WORK TO COMPLETE:
Pick out every line of the entries below where "VECTOR" occurs, and copy those lines.

PROVIDED DATA:

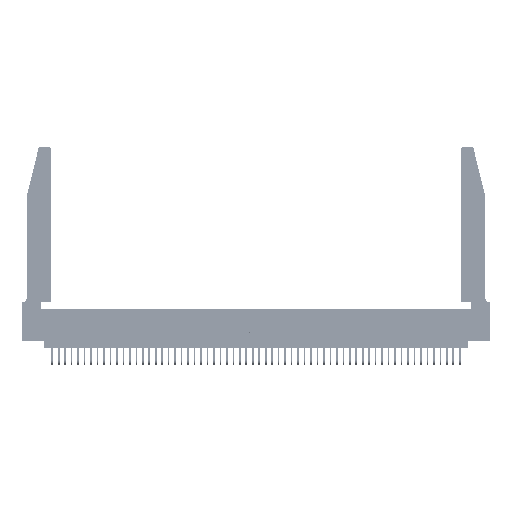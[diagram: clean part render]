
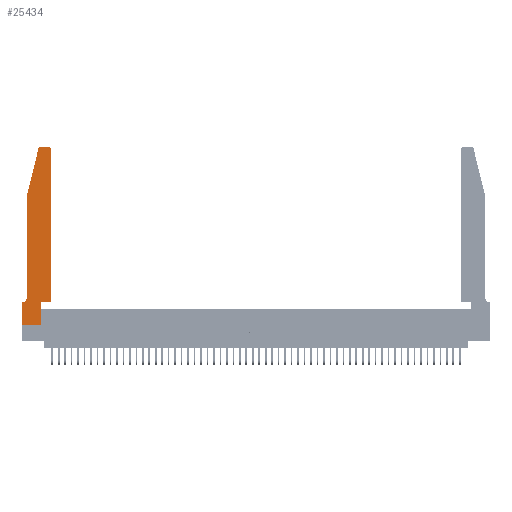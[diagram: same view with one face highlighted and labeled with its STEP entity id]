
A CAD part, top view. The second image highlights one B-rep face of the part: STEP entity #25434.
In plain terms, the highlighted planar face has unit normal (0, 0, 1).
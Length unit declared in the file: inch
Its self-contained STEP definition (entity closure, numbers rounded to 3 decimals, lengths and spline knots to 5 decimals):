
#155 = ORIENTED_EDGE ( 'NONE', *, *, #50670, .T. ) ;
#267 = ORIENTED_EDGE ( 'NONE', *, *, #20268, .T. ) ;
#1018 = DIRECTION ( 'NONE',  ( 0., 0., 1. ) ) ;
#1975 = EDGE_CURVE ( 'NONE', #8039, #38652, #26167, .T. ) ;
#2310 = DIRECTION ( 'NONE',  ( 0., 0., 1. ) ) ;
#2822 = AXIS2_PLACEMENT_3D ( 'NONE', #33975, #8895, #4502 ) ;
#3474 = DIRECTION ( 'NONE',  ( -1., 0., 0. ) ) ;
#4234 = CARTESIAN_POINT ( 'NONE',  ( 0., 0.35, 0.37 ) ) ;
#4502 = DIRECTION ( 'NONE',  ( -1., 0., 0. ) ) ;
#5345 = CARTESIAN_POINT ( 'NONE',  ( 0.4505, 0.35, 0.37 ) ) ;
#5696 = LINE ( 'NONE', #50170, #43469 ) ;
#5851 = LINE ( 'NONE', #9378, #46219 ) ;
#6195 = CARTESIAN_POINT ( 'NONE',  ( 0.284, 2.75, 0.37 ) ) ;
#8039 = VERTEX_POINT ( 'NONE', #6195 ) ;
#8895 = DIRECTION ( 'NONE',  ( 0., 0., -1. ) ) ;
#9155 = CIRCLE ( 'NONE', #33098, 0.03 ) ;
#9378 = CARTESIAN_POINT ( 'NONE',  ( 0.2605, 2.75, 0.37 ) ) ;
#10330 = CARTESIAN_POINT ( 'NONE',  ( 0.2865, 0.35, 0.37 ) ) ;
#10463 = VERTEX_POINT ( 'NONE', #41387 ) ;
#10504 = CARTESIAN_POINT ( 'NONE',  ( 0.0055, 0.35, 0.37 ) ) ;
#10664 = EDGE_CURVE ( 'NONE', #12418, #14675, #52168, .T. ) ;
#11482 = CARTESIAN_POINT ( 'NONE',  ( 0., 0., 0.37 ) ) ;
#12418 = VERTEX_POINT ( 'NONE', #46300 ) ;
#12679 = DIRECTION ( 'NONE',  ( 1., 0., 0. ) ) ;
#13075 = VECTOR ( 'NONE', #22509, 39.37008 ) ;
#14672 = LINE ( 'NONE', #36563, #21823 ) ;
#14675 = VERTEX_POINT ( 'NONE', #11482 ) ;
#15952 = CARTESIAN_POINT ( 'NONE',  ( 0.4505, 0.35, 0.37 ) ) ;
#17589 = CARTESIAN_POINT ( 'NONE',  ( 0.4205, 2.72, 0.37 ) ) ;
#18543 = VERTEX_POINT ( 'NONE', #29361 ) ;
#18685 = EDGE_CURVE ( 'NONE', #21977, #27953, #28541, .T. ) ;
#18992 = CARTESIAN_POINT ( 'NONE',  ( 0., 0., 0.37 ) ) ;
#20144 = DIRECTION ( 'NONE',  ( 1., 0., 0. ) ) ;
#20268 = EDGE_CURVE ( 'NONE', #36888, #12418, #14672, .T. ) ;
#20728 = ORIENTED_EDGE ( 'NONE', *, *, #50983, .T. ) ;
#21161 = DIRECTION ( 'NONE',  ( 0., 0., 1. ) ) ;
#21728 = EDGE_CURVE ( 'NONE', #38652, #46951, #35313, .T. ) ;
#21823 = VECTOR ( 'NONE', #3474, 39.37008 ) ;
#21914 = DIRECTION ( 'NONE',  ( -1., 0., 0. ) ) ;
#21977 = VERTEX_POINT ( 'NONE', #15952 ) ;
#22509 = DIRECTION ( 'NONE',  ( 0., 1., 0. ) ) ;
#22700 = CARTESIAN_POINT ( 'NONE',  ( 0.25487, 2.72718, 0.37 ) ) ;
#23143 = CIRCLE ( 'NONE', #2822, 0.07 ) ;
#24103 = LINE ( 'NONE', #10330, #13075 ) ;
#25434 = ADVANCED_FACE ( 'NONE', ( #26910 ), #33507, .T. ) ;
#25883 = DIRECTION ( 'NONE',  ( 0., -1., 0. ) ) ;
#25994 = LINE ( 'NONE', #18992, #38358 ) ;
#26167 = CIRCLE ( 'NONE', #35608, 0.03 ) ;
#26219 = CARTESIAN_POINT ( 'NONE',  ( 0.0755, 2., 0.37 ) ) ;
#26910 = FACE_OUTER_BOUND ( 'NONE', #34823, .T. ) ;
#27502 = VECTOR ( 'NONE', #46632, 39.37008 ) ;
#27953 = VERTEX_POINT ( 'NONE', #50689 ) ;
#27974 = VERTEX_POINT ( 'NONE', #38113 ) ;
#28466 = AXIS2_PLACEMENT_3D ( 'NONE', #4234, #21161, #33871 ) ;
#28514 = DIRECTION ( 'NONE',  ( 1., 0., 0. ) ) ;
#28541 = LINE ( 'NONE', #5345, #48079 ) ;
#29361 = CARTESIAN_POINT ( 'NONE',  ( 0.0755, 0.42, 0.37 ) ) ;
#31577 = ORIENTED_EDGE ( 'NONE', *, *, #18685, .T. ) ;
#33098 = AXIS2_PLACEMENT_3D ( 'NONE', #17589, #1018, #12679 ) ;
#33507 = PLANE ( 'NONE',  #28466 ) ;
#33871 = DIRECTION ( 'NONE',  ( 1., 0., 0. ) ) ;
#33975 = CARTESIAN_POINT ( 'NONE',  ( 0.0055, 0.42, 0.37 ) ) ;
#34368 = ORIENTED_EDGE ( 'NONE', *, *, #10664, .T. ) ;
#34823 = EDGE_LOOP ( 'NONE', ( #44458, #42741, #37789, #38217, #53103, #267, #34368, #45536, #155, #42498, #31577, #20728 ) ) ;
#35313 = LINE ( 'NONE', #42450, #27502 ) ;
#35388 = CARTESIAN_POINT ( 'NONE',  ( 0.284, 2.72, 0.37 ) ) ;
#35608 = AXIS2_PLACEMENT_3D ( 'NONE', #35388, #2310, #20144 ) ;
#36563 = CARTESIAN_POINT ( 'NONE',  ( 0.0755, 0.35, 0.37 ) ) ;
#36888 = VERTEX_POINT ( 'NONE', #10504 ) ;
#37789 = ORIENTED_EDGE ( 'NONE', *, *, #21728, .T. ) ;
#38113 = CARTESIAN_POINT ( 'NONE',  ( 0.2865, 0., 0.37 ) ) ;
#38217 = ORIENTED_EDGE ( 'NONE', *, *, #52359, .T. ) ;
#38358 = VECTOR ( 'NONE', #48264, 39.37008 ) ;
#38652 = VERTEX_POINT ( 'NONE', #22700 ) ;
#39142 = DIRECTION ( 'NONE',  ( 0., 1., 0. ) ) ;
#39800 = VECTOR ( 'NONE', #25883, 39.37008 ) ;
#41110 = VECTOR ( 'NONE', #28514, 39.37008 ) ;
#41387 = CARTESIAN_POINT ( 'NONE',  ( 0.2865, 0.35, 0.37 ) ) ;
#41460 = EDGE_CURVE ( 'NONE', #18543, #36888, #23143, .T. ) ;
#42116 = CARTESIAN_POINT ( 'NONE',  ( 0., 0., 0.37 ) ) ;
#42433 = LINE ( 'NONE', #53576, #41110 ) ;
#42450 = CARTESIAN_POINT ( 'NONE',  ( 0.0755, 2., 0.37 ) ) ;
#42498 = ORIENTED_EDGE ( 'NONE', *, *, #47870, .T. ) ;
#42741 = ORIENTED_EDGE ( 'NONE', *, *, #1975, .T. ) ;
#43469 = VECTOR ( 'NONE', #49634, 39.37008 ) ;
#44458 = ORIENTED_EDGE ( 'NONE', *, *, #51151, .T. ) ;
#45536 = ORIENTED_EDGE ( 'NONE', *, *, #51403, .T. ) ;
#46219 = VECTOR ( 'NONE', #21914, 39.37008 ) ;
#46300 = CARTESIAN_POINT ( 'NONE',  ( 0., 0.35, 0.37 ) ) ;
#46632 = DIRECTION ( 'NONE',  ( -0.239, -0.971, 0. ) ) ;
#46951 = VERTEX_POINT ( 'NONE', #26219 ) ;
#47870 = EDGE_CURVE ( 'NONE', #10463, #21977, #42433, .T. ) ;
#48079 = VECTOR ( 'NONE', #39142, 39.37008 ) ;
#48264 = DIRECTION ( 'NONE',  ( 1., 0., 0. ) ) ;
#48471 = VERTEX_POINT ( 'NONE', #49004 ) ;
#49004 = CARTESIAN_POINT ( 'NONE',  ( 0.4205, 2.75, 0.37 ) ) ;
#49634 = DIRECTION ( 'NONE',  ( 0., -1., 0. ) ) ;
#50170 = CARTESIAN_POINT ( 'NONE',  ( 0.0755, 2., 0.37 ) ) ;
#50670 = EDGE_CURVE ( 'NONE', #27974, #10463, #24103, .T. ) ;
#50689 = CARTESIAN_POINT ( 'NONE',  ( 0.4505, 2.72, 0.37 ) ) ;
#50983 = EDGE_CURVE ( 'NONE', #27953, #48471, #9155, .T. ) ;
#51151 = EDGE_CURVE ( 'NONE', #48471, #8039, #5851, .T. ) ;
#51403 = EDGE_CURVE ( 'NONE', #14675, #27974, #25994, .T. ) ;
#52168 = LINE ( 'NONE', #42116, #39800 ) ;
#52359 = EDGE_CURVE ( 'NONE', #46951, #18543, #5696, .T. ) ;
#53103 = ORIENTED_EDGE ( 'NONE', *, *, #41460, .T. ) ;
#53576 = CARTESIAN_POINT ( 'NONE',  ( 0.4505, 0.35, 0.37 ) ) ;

EXERCISE RESPONSE:
#13075 = VECTOR ( 'NONE', #22509, 39.37008 ) ;
#21823 = VECTOR ( 'NONE', #3474, 39.37008 ) ;
#27502 = VECTOR ( 'NONE', #46632, 39.37008 ) ;
#38358 = VECTOR ( 'NONE', #48264, 39.37008 ) ;
#39800 = VECTOR ( 'NONE', #25883, 39.37008 ) ;
#41110 = VECTOR ( 'NONE', #28514, 39.37008 ) ;
#43469 = VECTOR ( 'NONE', #49634, 39.37008 ) ;
#46219 = VECTOR ( 'NONE', #21914, 39.37008 ) ;
#48079 = VECTOR ( 'NONE', #39142, 39.37008 ) ;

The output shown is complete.